Contrast the number of cheetahs today with the more than 100,000 cheetahs who once roamed the African bush!

Cheetahs are threatened and at risk of extinction for several reasons:

  • They are caught and sold alive into the exotic pet market,
  • poached for their skin,
  • illegally trophy hunted, and
  • subject to the unrelenting destruction of their habitat.

 

CHEETAHS at RISK! Illegal wildlife trafficking, habitat destruction, loss of genetic diversity…

On top of all these pressures, scientists warn that cheetah reproduction is being considerably slowed because of climate change. Due to warmer temperatures, male cheetah’s testosterone levels have been reducing and sperm counts 10 times lower than that of domestic cats are being found.
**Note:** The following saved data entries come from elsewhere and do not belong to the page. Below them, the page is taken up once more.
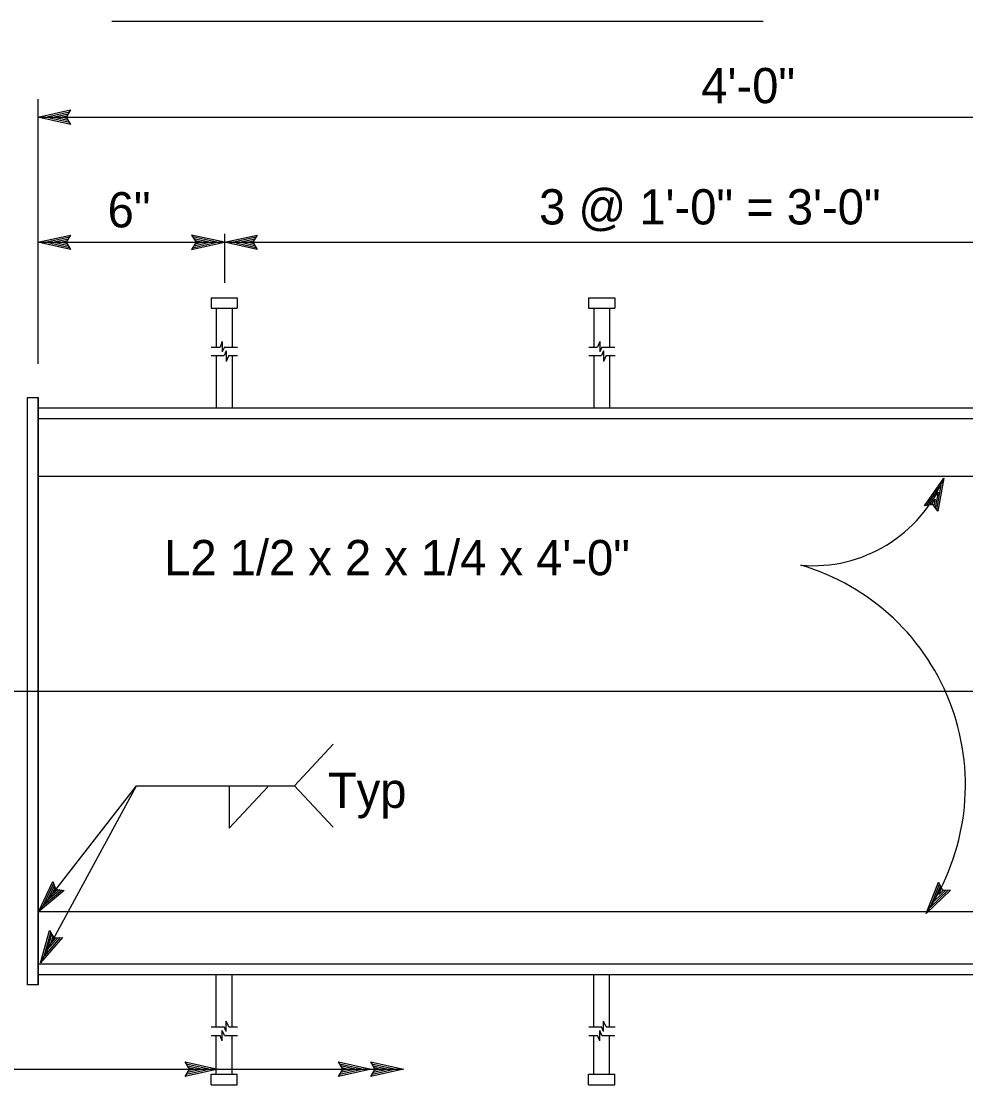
# Model space of a CAD drawing. Extents: x 0 to 2.83, y 0 to 1.83.
# Drawn here: x 1.2332 to 1.5459, y 0.6407 to 0.9926 of the extents above; entities that cross this region are included whole.
import ezdxf

# ---------------------------------------------------------------- set-up
doc = ezdxf.new("R2010")
doc.units = 0
for name, color, linetype in [('201 Center and Station Line', 7, 'Continuous'), ('212 Leaders and Dim Lines', 7, 'Continuous'), ('214 Text and Titles', 7, 'Continuous'), ('220 Structural Steel', 7, 'Continuous'), ('Default', 7, 'Continuous')]:
    doc.layers.add(name, color=color, linetype=linetype)

msp = doc.modelspace()

# ---------------------------------------------------------------- linework, layer by layer
at = {"layer": '201 Center and Station Line'}
msp.add_line((1.2020198048027368, 0.7709202056198098), (1.7708149526880077, 0.7709202056198098), dxfattribs=at)
at = {"layer": '212 Leaders and Dim Lines'}
for p, q in [((1.238667752318216, 0.9668566735636118), (1.238667752318216, 0.8792307836952341)), ((1.238667752318216, 0.9608921630193932), (1.2495206680939452, 0.963296995928586)), ((1.238667752318216, 0.9608921630193932), (1.7386859913241277, 0.9608921630193932)), ((1.2495206680939452, 0.9584676452569193), (1.238667752318216, 0.9608921630193932)), ((1.238667752318216, 0.9608921630193932), (1.238667752318216, 0.9608921630193932)), ((1.2491269710283206, 0.95911068379744), (1.2411644478760546, 0.9608888822105128)), ((1.241184132729336, 0.9608954438282734), (1.249094162939518, 0.9626473957703047)), ((1.2436644242427743, 0.9608856014016327), (1.2487759244781376, 0.9620207612741849)), ((1.2487070274916534, 0.9597602839557212), (1.2436644242427743, 0.9608856014016327)), ((1.2461644006094923, 0.9608856014016327), (1.2483494193237121, 0.9613711611159036)), ((1.2483887890302745, 0.9603901992607212), (1.2461644006094923, 0.9608856014016327)), ((1.2495206680939452, 0.963296995928586), (1.2480738313777733, 0.9608921630193932)), ((1.2480738313777733, 0.9608921630193932), (1.2495206680939452, 0.9584676452569193)), ((1.2495206680939452, 0.9632937151197059), (1.2495206680939452, 0.9632937151197059)), ((1.2495206680939452, 0.9584676452569193), (1.2495206680939452, 0.9584676452569193)), ((1.238667752318216, 0.9194686700978828), (1.2495206680939452, 0.9218735030070755)), ((1.238667752318216, 0.9194686700978828), (1.7386859913241277, 0.9194686700978828)), ((1.2495206680939452, 0.9170441523354088), (1.238667752318216, 0.9194686700978828)), ((1.238667752318216, 0.9194686700978828), (1.238667752318216, 0.9194686700978828)), ((1.2491269710283206, 0.9176871908759295), (1.2411644478760546, 0.9194653892890027)), ((1.241184132729336, 0.9194719509067629), (1.249094162939518, 0.9212239028487943)), ((1.2436644242427743, 0.9194621084801223), (1.2487759244781376, 0.9205972683526744)), ((1.2487070274916534, 0.918336791034211), (1.2436644242427743, 0.9194621084801223)), ((1.2461644006094923, 0.9194621084801223), (1.2483494193237121, 0.9199476681943932)), ((1.2483887890302745, 0.9189667063392107), (1.2461644006094923, 0.9194621084801223)), ((1.2495206680939452, 0.9218735030070755), (1.2480738313777733, 0.9194686700978828)), ((1.2480738313777733, 0.9194686700978828), (1.2495206680939452, 0.9170441523354088)), ((1.2495206680939452, 0.9218702221981951), (1.2495206680939452, 0.9218702221981951)), ((1.300432260297018, 0.9194686700978828), (1.2895826253301694, 0.9218735030070755)), ((1.2895826253301694, 0.9218735030070755), (1.2910261812374608, 0.9194686700978828)), ((1.2895826253301694, 0.9218702221981951), (1.2895826253301694, 0.9218702221981951)), ((1.2910261812374608, 0.9194686700978828), (1.2895826253301694, 0.9170441523354088)), ((1.2895826253301694, 0.9170441523354088), (1.300432260297018, 0.9194686700978828)), ((1.2899730415869148, 0.9176871908759295), (1.2979355647391793, 0.9194653892890027)), ((1.297915879885898, 0.9194719509067629), (1.2900058496757159, 0.9212239028487943)), ((1.2954355883724613, 0.9194621084801223), (1.290327368945977, 0.9205972683526744)), ((1.2903962659324615, 0.918336791034211), (1.2954355883724613, 0.9194621084801223)), ((1.2907145043938417, 0.9189667063392107), (1.2929356120057418, 0.9194621084801223)), ((1.2929356120057418, 0.9194621084801223), (1.2907505932915235, 0.9199476681943932)), ((1.300432260297018, 0.9194686700978828), (1.3112818952638683, 0.9218735030070755)), ((1.300432260297018, 0.9194686700978828), (1.300432260297018, 0.9194686700978828)), ((1.3112818952638683, 0.9170441523354088), (1.300432260297018, 0.9194686700978828)), ((1.300432260297018, 0.9194686700978828), (1.300432260297018, 0.9194686700978828)), ((1.3108914790071227, 0.9176871908759295), (1.302928955854857, 0.9194653892890027)), ((1.302948640708138, 0.9194719509067629), (1.310855390109441, 0.9212239028487943)), ((1.3054289322215764, 0.9194621084801223), (1.3105371516480606, 0.9205972683526744)), ((1.3104682546615762, 0.918336791034211), (1.3054289322215764, 0.9194621084801223)), ((1.3079256277794151, 0.9194621084801223), (1.3101106464936334, 0.9199476681943932)), ((1.3101500162001958, 0.9189667063392107), (1.3079256277794151, 0.9194621084801223)), ((1.3112818952638683, 0.9218735030070755), (1.309835058547696, 0.9194686700978828)), ((1.309835058547696, 0.9194686700978828), (1.3112818952638683, 0.9170441523354088)), ((1.3112818952638683, 0.9218702221981951), (1.3112818952638683, 0.9218702221981951)), ((1.2495206680939452, 0.9170441523354088), (1.2495206680939452, 0.9170441523354088)), ((1.2895826253301694, 0.9170441523354088), (1.2895826253301694, 0.9170441523354088)), ((1.3112818952638683, 0.9170441523354088), (1.3112818952638683, 0.9170441523354088)), ((1.5322437171841228, 0.8323018432022916), (1.5386478561182892, 0.8413896838004686)), ((1.5386478561182892, 0.8413896838004686), (1.5367023364523265, 0.830448186184974)), ((1.5386478561182892, 0.8413896838004686), (1.5386478561182892, 0.8413896838004686)), ((1.5329884607999305, 0.832416671513099), (1.5376898599252686, 0.8390865559665625)), ((1.537686579116388, 0.8390668711132813), (1.5362659888712586, 0.8310912247254948)), ((1.5337528892690193, 0.8325577462949478), (1.5367253021144869, 0.836780147323776)), ((1.534451701560503, 0.8326102392370311), (1.5357640251125857, 0.8344737386809895)), ((1.5357640251125857, 0.8344737386809895), (1.5353736088558418, 0.8322690351134895)), ((1.5367253021144869, 0.836780147323776), (1.5358099564369097, 0.8316259965729688)), ((1.5350356855411802, 0.8327086635034374), (1.5322437171841228, 0.8323018432022916)), ((1.5322437171841228, 0.8323018432022916), (1.5322437171841228, 0.8323018432022916)), ((1.5367023364523265, 0.830448186184974), (1.5350356855411802, 0.8327086635034374)), ((1.5367023364523265, 0.830448186184974), (1.5367023364523265, 0.830448186184974)), ((1.5328112971203993, 0.6973752971948437), (1.5368926233673772, 0.7077131259763801)), ((1.5368926233673772, 0.7077098451675), (1.5368926233673772, 0.7077098451675)), ((1.5368926233673772, 0.7077098451675), (1.5380769953731335, 0.7051639374764583)), ((1.5408919293923526, 0.7050097394590885), (1.5328112971203993, 0.6973752971948437)), ((1.5401406241587836, 0.7050425475478905), (1.5342089217033668, 0.699442206789375)), ((1.5342154833211283, 0.6994618916426562), (1.5371944577843573, 0.7069946288316146)), ((1.5356098270952165, 0.7015123971927864), (1.537535661907898, 0.7063811175710156)), ((1.5393663532630557, 0.7050556707834115), (1.5356098270952165, 0.7015123971927864)), ((1.5370107324870645, 0.7035793067873176), (1.5378342155159972, 0.7056626204262499)), ((1.5386675409715704, 0.705144252623177), (1.5370107324870645, 0.7035793067873176)), ((1.5380769953731335, 0.7051639374764583), (1.5408919293923526, 0.7050097394590885)), ((1.5408919293923526, 0.7050097394590885), (1.5408919293923526, 0.7050097394590885)), ((1.5328112971203993, 0.6973752971948437), (1.5328112971203993, 0.6973752971948437)), ((1.2888969362742055, 0.6458262438263463), (1.2874500995580334, 0.6482507615888203)), ((1.2874500995580334, 0.6482507615888203), (1.2874500995580334, 0.6482507615888203)), ((1.2874500995580334, 0.6482507615888203), (1.2983030153337627, 0.6458262438263463)), ((1.3396248031799873, 0.6458426478707473), (1.3381779664638151, 0.6482671656332213)), ((1.3381779664638151, 0.6482671656332213), (1.3381779664638151, 0.6482671656332213)), ((1.3381779664638151, 0.6482671656332213), (1.349027601430664, 0.6458426478707473)), ((1.3385683827205608, 0.6476241270927005), (1.3465309058728265, 0.6458459286796275)), ((1.3503366441738673, 0.6458262438263463), (1.3488898074576952, 0.6482507615888203)), ((1.3488898074576952, 0.6482507615888203), (1.3488898074576952, 0.6482507615888203)), ((1.3488898074576952, 0.6482507615888203), (1.3597394424245455, 0.6458262438263463)), ((1.2228829230932303, 0.6458262438263463), (1.3597394424245455, 0.6458262438263463)), ((1.2983030153337627, 0.6458262438263463), (1.2874500995580334, 0.6434214109171537)), ((1.2874500995580334, 0.6434214109171537), (1.2888969362742055, 0.6458262438263463)), ((1.2878437966236596, 0.6476077230482995), (1.2958063197759255, 0.6458295246352265)), ((1.2957866349226443, 0.6458196822085859), (1.2878766047124606, 0.6440710110754349)), ((1.293306343409206, 0.6458295246352265), (1.2881981239827218, 0.6446976455715546)), ((1.2882670209692062, 0.6469581228900181), (1.293306343409206, 0.6458295246352265)), ((1.2885852594305864, 0.6463282075850182), (1.290806367042488, 0.6458328054441067)), ((1.290806367042488, 0.6458328054441067), (1.2886213483282682, 0.6453472457298359)), ((1.2983030153337627, 0.6458262438263463), (1.2983030153337627, 0.6458262438263463)), ((1.349027601430664, 0.6458426478707473), (1.3381779664638151, 0.6434378149615546)), ((1.3381779664638151, 0.6434378149615546), (1.3396248031799873, 0.6458426478707473)), ((1.3465112210195453, 0.6458393670618671), (1.3386011908093616, 0.6440874151198359)), ((1.344030929506107, 0.6458492094885078), (1.3389227100796228, 0.6447140496159557)), ((1.3389916070661072, 0.6469745269344193), (1.344030929506107, 0.6458492094885078)), ((1.3393098455274877, 0.6463446116294193), (1.3415342339482683, 0.6458492094885078)), ((1.3415342339482683, 0.6458492094885078), (1.3393459344251692, 0.6453636497742369)), ((1.3597394424245455, 0.6458262438263463), (1.3488898074576952, 0.6434214109171537)), ((1.3488898074576952, 0.6434214109171537), (1.3503366441738673, 0.6458262438263463)), ((1.349027601430664, 0.6458426478707473), (1.349027601430664, 0.6458426478707473)), ((1.3492802237144408, 0.6476077230482995), (1.3572427468667065, 0.6458295246352265)), ((1.3572230620134254, 0.6458196822085859), (1.3493130318032434, 0.6440710110754349)), ((1.354742770499987, 0.6458295246352265), (1.3496345510735028, 0.6446976455715546)), ((1.3497034480599872, 0.6469581228900181), (1.354742770499987, 0.6458295246352265)), ((1.3500216865213677, 0.6463282075850182), (1.3522460749421483, 0.6458328054441067)), ((1.3522460749421483, 0.6458328054441067), (1.35006105622793, 0.6453472457298359)), ((1.3597394424245455, 0.6458262438263463), (1.3597394424245455, 0.6458262438263463)), ((1.2874500995580334, 0.6434214109171537), (1.2874500995580334, 0.6434214109171537)), ((1.3381779664638151, 0.6434378149615546), (1.3381779664638151, 0.6434378149615546)), ((1.3488898074576952, 0.6434214109171537), (1.3488898074576952, 0.6434214109171537))]:
    msp.add_line(p, q, dxfattribs=at)
for centre, radius, start, end in [((1.4952310243697098, 0.8594450346961588), 0.04702125677832135, 265.2204833333334, 337.4207916666667), ((1.4699784391978148, 0.7398221640512552), 0.07582830689003937, 325.9580222222222, 73.6588888888889)]:
    msp.add_arc(centre, radius, start, end, dxfattribs=at)
at = {"layer": '214 Text and Titles'}
for p, q in [((1.2631543541878663, 0.9926201305252044), (1.4787776180767551, 0.9926201305252044)), ((1.3236374215067326, 0.7396245697115025), (1.3364424185661845, 0.7533514740662942)), ((1.2388547584243876, 0.6978762767108516), (1.2712789925874877, 0.7396245697115025)), ((1.23950435858267, 0.6810457271553828), (1.2712789925874877, 0.7396245697115025)), ((1.2712789925874877, 0.7396245697115025), (1.3236374215067326, 0.7396245697115025)), ((1.3020136101772797, 0.7394145979431692), (1.3020136101772797, 0.7255236531443672)), ((1.3020136101772797, 0.7255236531443672), (1.3148186072367316, 0.7392505574991588)), ((1.3236374215067326, 0.7396245697115025), (1.3364424185661845, 0.7258976653567109)), ((1.2388547584243876, 0.6978762767108516), (1.2436119313006904, 0.7079188326931692)), ((1.2388547584243876, 0.6978762767108516), (1.2436119313006904, 0.7079188326931692)), ((1.2436119313006904, 0.7079188326931692), (1.2436119313006904, 0.7079188326931692)), ((1.2436119313006904, 0.7079188326931692), (1.2446257012446755, 0.7053040280156431)), ((1.2436119313006904, 0.7079188326931692), (1.2436119313006904, 0.7079188326931692)), ((1.2436119313006904, 0.7079188326931692), (1.2446257012446755, 0.7053040280156431)), ((1.2474242312194925, 0.7049595430832213), (1.2388547584243876, 0.6978762767108516)), ((1.2474242312194925, 0.7049595430832213), (1.2388547584243876, 0.6978762767108516)), ((1.2466762067948058, 0.7050448441141067), (1.2403868961714462, 0.6998447620389765)), ((1.2466762067948058, 0.7050448441141067), (1.2403868961714462, 0.6998447620389765)), ((1.240393457789206, 0.6998677277011379), (1.2438645535844657, 0.7071872123128828)), ((1.240393457789206, 0.6998677277011379), (1.2438645535844657, 0.7071872123128828)), ((1.2419223147273837, 0.701819808984862), (1.244163107192565, 0.7065474545812421)), ((1.2419223147273837, 0.701819808984862), (1.244163107192565, 0.7065474545812421)), ((1.2459019358990764, 0.7051104602917109), (1.2419223147273837, 0.701819808984862)), ((1.2459019358990764, 0.7051104602917109), (1.2419223147273837, 0.701819808984862)), ((1.2434577332833214, 0.7037915751218671), (1.2444157294763418, 0.7058158342009557)), ((1.2434577332833214, 0.7037915751218671), (1.2444157294763418, 0.7058158342009557)), ((1.2452129660342317, 0.7052416926469192), (1.2434577332833214, 0.7037915751218671)), ((1.2452129660342317, 0.7052416926469192), (1.2434577332833214, 0.7037915751218671)), ((1.2446257012446755, 0.7053040280156431), (1.2474242312194925, 0.7049595430832213)), ((1.2446257012446755, 0.7053040280156431), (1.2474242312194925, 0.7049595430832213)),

Add to all of this the challenge of ensuring species diversification (and avoiding inbreeding), which are critical to maintaining a healthy population. Relocation of the cats across South Africa’s provinces is essential, and already underway, to advance diversification of the cheetah gene pool and help save the species.

Recently, South African National Parks (SANParks) appealed to ASI for help purchasing two hi-tech cheetah tracking collars for use at Mountain Zebra National Park (MZNP). A female cheetah is about to be relocated to the park (where her future breeding partner is already a resident) to expand the genetics of the cheetah population in the park. Understandably, time is of the essence – we need to obtain and fit the collars as soon as possible.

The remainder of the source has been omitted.